* [EXERCISE DESCRIPTION]:
Please give back, word for word, only the lines starting at the one containing "line L38 (-150, -190) -> (-147, -190)" and ending at the one containing "line L57 (-3, -90) -> (-3, -100)" within the material below.
★ ★ ★ ★
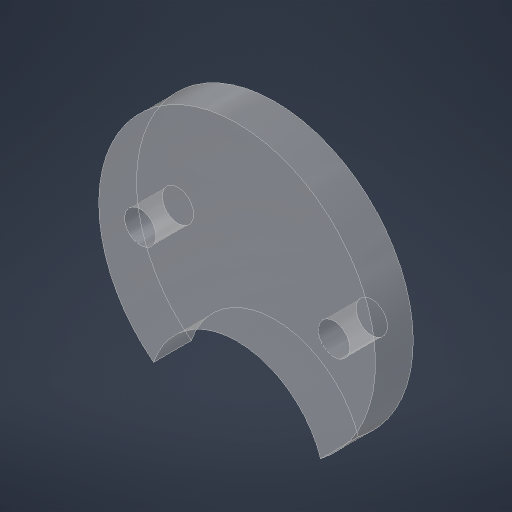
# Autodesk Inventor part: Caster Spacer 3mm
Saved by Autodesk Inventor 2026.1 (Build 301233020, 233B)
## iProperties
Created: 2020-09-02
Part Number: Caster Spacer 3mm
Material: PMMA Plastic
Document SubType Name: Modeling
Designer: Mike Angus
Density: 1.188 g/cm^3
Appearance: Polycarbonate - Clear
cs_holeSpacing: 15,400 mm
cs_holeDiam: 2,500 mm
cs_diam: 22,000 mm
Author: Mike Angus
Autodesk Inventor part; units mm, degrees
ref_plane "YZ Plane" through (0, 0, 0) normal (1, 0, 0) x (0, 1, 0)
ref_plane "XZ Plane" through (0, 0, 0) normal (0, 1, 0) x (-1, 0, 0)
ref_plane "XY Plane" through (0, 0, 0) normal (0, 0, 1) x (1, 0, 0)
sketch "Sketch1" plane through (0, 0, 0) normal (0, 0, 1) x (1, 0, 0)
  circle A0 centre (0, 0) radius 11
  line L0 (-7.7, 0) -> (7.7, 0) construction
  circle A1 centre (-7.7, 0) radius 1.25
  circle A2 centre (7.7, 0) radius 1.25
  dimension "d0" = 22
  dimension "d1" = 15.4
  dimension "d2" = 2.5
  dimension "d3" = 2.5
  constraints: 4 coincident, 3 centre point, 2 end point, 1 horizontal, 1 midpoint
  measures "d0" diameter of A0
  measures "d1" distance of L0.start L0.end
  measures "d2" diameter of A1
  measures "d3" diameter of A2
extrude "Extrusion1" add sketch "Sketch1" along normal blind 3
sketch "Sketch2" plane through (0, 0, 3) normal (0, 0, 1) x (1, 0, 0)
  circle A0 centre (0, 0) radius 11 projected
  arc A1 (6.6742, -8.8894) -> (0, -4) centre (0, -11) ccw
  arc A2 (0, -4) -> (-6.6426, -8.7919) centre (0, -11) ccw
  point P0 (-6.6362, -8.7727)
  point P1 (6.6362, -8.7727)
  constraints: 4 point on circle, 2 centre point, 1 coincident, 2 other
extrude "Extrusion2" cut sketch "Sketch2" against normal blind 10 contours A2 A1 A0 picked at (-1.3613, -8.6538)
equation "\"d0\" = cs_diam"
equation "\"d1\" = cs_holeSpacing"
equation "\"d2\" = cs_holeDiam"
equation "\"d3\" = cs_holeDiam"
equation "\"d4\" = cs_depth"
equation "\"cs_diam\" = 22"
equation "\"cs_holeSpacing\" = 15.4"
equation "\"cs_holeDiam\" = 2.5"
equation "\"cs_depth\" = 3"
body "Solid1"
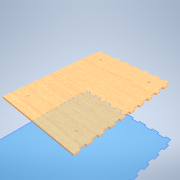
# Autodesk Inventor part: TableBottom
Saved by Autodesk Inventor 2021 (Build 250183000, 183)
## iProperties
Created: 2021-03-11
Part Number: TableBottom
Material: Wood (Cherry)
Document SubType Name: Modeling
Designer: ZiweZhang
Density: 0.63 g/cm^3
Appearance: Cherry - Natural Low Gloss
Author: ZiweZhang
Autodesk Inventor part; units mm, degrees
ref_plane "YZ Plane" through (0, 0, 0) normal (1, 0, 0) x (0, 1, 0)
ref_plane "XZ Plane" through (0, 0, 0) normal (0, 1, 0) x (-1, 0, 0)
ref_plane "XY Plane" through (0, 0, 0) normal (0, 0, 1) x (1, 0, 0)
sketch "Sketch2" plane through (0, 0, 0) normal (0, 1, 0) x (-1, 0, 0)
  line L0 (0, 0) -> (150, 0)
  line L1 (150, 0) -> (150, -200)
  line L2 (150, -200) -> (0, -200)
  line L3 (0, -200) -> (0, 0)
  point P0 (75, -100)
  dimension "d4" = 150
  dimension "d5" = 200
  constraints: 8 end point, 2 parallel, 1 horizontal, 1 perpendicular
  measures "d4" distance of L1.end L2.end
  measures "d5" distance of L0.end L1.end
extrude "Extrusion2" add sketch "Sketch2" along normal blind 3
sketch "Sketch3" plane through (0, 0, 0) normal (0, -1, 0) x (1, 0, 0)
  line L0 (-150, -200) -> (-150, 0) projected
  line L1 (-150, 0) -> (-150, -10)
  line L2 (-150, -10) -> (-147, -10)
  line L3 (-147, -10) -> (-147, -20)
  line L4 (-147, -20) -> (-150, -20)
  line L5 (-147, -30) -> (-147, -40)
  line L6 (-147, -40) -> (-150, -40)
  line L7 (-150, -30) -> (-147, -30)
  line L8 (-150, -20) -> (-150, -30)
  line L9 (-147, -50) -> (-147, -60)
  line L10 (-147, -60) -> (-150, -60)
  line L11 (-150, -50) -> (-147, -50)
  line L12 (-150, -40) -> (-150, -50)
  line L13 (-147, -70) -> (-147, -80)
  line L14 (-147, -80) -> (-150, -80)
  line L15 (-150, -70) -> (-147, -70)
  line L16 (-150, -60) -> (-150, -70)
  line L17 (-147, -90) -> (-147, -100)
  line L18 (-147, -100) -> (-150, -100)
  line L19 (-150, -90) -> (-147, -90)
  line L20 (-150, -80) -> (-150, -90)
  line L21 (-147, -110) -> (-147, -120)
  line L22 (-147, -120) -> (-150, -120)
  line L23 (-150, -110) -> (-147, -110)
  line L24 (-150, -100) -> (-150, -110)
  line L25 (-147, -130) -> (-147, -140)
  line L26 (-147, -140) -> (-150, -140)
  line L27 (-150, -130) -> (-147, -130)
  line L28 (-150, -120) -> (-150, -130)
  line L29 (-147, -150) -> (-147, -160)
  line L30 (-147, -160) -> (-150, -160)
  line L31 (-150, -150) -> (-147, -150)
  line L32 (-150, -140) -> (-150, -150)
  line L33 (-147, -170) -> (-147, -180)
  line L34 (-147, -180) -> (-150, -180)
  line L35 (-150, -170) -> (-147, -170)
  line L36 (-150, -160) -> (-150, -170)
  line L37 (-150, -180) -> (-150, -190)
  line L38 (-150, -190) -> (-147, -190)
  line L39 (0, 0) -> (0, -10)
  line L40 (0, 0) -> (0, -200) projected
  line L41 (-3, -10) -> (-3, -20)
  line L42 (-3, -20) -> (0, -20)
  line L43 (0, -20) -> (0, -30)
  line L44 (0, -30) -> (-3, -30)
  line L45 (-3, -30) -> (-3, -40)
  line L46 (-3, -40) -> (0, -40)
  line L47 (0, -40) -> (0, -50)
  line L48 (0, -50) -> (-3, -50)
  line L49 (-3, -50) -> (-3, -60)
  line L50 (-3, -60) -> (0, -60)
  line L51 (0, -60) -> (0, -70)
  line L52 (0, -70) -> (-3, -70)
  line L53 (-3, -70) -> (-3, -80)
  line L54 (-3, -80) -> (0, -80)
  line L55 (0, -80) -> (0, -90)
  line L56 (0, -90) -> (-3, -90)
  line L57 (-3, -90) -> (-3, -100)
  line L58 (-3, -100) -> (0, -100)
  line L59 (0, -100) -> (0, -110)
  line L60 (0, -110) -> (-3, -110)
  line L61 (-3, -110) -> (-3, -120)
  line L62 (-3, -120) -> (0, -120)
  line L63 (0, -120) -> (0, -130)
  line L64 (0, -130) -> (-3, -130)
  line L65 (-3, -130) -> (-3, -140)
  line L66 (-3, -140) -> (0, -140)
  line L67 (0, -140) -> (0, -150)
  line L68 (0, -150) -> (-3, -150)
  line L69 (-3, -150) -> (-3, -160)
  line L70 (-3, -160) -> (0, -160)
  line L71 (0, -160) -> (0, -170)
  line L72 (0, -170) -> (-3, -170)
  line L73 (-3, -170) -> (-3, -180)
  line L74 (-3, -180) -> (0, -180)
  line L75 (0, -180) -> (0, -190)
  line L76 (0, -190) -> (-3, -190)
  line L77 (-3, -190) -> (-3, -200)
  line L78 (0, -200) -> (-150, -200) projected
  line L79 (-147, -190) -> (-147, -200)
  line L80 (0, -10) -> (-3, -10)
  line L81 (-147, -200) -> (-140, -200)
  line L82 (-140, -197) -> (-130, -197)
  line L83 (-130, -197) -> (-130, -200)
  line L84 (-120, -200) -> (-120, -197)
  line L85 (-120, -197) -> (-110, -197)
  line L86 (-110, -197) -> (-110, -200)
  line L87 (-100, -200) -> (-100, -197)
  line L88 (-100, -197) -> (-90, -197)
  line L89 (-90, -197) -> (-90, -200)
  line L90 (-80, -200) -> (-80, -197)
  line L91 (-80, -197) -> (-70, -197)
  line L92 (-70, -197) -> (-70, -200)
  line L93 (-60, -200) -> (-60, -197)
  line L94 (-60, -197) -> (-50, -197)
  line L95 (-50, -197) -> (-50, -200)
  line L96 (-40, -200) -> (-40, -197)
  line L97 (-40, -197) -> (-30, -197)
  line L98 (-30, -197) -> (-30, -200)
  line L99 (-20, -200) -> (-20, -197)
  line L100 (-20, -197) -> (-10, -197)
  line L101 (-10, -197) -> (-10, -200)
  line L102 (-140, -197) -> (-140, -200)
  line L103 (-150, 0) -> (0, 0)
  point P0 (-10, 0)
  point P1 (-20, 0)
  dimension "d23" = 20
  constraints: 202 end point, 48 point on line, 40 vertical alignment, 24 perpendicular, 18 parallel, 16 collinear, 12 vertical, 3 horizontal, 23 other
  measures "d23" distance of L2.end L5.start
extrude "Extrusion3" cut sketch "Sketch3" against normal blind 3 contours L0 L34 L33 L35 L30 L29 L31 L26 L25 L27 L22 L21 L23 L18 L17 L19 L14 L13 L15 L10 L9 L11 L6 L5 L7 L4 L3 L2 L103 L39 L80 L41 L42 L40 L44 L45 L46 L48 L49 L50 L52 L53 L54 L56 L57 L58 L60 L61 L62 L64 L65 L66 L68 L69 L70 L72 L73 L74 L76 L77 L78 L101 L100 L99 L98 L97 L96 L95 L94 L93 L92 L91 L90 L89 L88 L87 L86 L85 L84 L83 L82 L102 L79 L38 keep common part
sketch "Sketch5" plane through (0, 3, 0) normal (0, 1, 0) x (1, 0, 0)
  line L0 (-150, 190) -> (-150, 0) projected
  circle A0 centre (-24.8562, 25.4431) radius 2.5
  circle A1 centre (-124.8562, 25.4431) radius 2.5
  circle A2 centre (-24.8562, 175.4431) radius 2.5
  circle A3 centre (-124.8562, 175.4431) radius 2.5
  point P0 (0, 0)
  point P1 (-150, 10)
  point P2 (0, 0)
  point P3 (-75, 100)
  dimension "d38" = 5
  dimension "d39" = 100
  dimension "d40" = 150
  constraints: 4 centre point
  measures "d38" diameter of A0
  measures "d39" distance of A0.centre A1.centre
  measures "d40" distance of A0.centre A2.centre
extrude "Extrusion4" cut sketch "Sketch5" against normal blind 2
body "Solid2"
★ ★ ★ ★
* [WRITTEN ANSWER]:
  line L38 (-150, -190) -> (-147, -190)
  line L39 (0, 0) -> (0, -10)
  line L40 (0, 0) -> (0, -200) projected
  line L41 (-3, -10) -> (-3, -20)
  line L42 (-3, -20) -> (0, -20)
  line L43 (0, -20) -> (0, -30)
  line L44 (0, -30) -> (-3, -30)
  line L45 (-3, -30) -> (-3, -40)
  line L46 (-3, -40) -> (0, -40)
  line L47 (0, -40) -> (0, -50)
  line L48 (0, -50) -> (-3, -50)
  line L49 (-3, -50) -> (-3, -60)
  line L50 (-3, -60) -> (0, -60)
  line L51 (0, -60) -> (0, -70)
  line L52 (0, -70) -> (-3, -70)
  line L53 (-3, -70) -> (-3, -80)
  line L54 (-3, -80) -> (0, -80)
  line L55 (0, -80) -> (0, -90)
  line L56 (0, -90) -> (-3, -90)
  line L57 (-3, -90) -> (-3, -100)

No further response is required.